# Mobile Buffed - Weitergabe des Links zu einem Artikel unmöglich



## Wynn (13. November 2014)

Ich rufe Buffed Mobil auf meinen Smartphone auf.

 

Ich klicke auf den Artikel auf Buffed Mobil zum Garnisons Level Guide.

 

Wenn ich jetzt oben auf die Adresszeile meines Handy Browsers gehe steht da Buffed Mobil Link zur Hauptseite aber nicht Buffed Mobil / Link zum Artikel.

Auch geöffneten Artikel in Buffed Mobil als Lesezeichen hinzufügen ergibt nur Link auf Buffed Mobil aber nicht auf Buffed Mobil / Link zum Artikel.

 

Auch können Links von Buffed Mobil nicht geteil werden via:

 

E-Mail

Facebook

Whats App

 

Es erscheint ein Link mit der Überschrift des Artikels und dadrunter der Link zur Hauptseite von Buffed Mobil. Es sollte aber ein Link zum Artikel auf Buffed Mobil erscheinen.

 

Browser auf Smartphone Standard no name und Chrome aktuell probiert - beides das selbe Problem.


----------



## ZAM (13. November 2014)

Huhu,

 

wir können das leider nicht reproduzieren.

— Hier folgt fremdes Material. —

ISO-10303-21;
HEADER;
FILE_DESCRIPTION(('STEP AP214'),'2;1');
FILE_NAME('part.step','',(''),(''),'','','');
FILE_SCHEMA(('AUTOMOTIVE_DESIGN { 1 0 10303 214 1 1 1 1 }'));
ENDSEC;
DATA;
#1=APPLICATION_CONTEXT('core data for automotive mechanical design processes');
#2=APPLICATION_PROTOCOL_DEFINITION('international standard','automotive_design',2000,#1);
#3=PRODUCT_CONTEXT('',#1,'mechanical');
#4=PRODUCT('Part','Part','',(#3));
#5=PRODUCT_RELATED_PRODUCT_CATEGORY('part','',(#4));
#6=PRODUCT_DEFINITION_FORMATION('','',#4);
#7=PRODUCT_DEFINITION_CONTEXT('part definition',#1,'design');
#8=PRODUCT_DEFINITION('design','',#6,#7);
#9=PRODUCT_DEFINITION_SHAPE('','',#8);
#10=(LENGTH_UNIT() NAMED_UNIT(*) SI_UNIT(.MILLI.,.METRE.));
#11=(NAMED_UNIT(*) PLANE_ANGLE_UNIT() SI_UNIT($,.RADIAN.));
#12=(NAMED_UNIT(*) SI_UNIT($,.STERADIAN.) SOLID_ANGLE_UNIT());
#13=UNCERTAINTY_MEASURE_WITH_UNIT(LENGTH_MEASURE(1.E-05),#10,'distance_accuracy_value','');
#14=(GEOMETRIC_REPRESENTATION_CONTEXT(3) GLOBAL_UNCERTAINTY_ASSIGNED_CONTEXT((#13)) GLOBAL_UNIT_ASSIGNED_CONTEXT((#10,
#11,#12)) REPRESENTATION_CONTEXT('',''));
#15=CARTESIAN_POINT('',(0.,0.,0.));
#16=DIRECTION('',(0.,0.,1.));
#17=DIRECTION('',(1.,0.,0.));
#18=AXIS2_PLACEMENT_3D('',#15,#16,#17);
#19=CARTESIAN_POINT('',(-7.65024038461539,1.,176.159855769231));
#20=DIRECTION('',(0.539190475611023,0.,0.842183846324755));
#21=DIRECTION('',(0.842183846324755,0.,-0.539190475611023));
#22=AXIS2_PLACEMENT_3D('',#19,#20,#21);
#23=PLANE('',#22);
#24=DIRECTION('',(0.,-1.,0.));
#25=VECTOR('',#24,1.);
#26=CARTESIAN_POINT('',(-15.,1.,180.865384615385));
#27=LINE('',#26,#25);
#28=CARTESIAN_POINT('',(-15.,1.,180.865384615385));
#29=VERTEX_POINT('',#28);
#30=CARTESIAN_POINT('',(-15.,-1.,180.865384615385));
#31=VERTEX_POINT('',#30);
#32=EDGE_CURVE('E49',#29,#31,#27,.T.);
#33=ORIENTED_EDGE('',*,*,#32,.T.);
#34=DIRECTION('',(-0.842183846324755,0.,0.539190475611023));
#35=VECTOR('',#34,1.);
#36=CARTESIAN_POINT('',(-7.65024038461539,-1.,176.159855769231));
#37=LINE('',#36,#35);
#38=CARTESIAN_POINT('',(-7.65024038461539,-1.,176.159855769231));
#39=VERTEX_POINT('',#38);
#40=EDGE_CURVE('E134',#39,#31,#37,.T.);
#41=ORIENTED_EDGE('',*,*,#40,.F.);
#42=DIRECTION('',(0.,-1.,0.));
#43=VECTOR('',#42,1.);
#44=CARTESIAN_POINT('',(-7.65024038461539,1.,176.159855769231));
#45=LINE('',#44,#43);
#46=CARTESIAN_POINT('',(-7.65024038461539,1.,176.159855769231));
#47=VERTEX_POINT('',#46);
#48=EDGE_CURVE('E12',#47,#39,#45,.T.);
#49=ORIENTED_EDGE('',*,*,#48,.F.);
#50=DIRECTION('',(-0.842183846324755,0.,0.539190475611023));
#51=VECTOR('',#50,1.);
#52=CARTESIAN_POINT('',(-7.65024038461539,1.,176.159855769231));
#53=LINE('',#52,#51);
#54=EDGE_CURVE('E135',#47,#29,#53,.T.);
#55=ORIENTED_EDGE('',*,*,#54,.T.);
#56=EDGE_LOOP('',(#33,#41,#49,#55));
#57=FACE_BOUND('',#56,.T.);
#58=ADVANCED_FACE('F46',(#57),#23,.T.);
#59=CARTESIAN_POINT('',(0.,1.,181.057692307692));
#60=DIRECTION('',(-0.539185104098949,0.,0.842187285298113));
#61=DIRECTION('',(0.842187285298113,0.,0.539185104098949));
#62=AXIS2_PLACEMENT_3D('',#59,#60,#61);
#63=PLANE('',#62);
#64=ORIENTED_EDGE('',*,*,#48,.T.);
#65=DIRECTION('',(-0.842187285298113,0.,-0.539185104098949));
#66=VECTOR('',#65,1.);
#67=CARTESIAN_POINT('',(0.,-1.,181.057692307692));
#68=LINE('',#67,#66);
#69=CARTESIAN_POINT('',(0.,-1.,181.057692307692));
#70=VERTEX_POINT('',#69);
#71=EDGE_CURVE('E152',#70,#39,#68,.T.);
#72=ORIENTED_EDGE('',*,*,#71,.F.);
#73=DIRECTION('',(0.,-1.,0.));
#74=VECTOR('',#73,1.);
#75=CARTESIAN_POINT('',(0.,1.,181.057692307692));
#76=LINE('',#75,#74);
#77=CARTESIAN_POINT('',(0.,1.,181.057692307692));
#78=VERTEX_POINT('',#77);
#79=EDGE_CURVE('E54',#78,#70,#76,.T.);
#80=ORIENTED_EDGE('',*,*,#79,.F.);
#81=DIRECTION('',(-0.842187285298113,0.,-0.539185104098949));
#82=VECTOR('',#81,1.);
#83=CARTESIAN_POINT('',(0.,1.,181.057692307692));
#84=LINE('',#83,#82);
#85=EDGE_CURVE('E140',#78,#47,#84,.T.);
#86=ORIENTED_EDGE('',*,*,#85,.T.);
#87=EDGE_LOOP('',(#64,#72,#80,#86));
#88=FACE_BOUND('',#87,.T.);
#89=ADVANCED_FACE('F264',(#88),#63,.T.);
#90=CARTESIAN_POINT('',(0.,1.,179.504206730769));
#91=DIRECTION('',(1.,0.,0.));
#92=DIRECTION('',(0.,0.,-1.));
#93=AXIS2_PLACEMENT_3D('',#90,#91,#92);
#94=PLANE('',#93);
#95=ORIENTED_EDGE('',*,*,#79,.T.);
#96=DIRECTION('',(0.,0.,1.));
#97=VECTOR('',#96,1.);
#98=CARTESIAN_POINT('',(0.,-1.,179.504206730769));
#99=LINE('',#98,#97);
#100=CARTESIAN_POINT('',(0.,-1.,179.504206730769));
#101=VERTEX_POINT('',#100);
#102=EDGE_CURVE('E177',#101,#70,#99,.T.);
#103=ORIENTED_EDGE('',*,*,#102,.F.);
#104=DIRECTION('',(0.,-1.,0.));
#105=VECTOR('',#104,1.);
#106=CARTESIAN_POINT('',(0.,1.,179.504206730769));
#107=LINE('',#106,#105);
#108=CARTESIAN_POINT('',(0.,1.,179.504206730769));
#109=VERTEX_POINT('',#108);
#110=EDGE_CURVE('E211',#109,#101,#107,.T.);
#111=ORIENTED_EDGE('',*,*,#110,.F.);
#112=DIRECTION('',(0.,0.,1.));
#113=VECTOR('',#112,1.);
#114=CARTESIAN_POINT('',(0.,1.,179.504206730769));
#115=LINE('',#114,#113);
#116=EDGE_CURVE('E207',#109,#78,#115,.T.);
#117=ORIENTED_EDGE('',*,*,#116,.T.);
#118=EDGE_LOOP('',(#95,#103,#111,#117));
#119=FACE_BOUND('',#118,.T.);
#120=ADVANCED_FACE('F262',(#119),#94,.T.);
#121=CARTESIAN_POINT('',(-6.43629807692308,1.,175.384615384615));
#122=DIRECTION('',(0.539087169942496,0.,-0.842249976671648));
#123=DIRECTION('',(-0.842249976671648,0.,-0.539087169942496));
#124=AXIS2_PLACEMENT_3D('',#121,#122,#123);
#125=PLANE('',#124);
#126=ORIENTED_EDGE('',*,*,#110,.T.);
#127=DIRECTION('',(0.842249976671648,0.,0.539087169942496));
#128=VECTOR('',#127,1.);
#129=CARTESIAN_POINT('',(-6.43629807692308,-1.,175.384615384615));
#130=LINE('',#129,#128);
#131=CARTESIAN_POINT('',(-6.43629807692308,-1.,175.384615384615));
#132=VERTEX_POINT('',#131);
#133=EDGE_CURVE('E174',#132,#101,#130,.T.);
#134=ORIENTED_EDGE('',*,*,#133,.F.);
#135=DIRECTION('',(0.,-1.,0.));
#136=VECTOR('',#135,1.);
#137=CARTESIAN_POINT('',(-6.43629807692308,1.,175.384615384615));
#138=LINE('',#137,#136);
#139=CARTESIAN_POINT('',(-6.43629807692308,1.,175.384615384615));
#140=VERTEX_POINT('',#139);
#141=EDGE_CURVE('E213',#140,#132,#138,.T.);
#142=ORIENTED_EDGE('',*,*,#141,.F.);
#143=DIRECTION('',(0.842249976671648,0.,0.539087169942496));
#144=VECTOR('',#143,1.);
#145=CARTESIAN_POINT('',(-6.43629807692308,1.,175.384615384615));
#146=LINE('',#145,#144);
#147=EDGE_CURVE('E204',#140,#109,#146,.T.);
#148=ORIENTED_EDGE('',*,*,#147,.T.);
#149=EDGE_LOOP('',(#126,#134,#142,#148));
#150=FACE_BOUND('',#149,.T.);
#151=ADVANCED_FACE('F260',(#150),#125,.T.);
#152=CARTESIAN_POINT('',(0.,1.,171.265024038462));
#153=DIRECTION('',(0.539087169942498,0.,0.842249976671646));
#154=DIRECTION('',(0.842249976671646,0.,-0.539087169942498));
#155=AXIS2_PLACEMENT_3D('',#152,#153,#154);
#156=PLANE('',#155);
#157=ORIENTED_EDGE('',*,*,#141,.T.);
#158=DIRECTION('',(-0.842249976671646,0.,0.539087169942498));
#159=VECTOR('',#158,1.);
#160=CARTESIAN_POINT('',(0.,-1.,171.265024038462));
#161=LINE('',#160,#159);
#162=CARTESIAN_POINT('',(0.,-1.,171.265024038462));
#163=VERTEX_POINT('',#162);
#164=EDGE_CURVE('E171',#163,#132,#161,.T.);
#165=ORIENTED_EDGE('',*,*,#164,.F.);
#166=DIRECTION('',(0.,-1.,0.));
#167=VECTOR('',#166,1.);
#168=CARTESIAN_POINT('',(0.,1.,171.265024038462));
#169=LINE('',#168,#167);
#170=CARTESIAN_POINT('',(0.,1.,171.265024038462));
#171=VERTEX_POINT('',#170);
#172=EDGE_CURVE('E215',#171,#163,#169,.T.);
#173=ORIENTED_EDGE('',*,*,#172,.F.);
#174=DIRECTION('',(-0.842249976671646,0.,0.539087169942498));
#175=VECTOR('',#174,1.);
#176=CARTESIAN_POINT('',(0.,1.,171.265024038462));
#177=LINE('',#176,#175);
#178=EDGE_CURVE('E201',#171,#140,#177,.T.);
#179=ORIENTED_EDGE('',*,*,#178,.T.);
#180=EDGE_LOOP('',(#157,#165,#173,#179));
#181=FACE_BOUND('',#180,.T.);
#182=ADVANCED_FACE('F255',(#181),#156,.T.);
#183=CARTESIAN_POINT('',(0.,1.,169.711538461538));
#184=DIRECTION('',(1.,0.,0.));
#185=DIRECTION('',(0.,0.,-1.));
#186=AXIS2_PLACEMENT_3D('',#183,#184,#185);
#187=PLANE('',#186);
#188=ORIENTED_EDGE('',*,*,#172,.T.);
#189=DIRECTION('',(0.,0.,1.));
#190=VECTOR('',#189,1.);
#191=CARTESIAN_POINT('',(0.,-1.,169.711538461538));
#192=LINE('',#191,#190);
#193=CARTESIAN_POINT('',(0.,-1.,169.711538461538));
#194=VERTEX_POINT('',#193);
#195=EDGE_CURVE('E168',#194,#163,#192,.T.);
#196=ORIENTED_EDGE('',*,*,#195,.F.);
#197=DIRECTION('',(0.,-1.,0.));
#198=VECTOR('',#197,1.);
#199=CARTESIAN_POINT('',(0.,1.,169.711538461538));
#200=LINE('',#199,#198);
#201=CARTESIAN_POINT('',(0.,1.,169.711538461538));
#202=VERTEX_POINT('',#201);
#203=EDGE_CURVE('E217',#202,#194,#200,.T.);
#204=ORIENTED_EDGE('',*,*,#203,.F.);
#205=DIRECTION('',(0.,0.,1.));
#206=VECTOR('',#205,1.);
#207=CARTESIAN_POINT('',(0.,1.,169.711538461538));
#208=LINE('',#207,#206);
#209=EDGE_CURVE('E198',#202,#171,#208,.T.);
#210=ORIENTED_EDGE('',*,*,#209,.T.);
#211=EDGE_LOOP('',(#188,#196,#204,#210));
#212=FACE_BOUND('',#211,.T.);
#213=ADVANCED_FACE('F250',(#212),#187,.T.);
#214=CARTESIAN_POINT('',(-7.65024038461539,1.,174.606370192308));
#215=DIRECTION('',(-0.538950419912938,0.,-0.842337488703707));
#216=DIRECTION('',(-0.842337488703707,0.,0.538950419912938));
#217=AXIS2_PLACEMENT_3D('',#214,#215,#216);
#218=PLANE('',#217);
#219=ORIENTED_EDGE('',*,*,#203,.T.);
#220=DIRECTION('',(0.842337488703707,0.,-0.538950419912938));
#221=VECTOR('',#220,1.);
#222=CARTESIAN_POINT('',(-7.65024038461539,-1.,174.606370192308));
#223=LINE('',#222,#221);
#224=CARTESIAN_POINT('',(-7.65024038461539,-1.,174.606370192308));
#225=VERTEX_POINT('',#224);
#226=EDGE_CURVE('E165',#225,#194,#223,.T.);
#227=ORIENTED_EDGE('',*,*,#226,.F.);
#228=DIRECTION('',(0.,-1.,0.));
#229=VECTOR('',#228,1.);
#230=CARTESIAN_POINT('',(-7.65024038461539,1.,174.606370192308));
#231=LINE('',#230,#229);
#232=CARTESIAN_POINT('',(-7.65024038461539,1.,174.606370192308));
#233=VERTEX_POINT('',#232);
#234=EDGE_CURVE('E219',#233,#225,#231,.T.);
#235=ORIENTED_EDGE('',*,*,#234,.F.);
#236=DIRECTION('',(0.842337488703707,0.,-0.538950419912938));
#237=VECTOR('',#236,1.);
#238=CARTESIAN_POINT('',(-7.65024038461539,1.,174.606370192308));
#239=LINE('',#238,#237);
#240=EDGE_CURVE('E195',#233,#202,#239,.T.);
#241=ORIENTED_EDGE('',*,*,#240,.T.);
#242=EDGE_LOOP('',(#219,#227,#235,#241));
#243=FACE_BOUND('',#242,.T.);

Wir gehen mit dem Smartphone per Chrome/Safari/Opera auf die Seite, wählen einen Artikel und können dann in der Adresszeile beim Touch darauf auch die richtige URL sehen, kopieren und verlinken.

 

Kannst du ggfs. Screenshots davon machen, was du genau meinst?


----------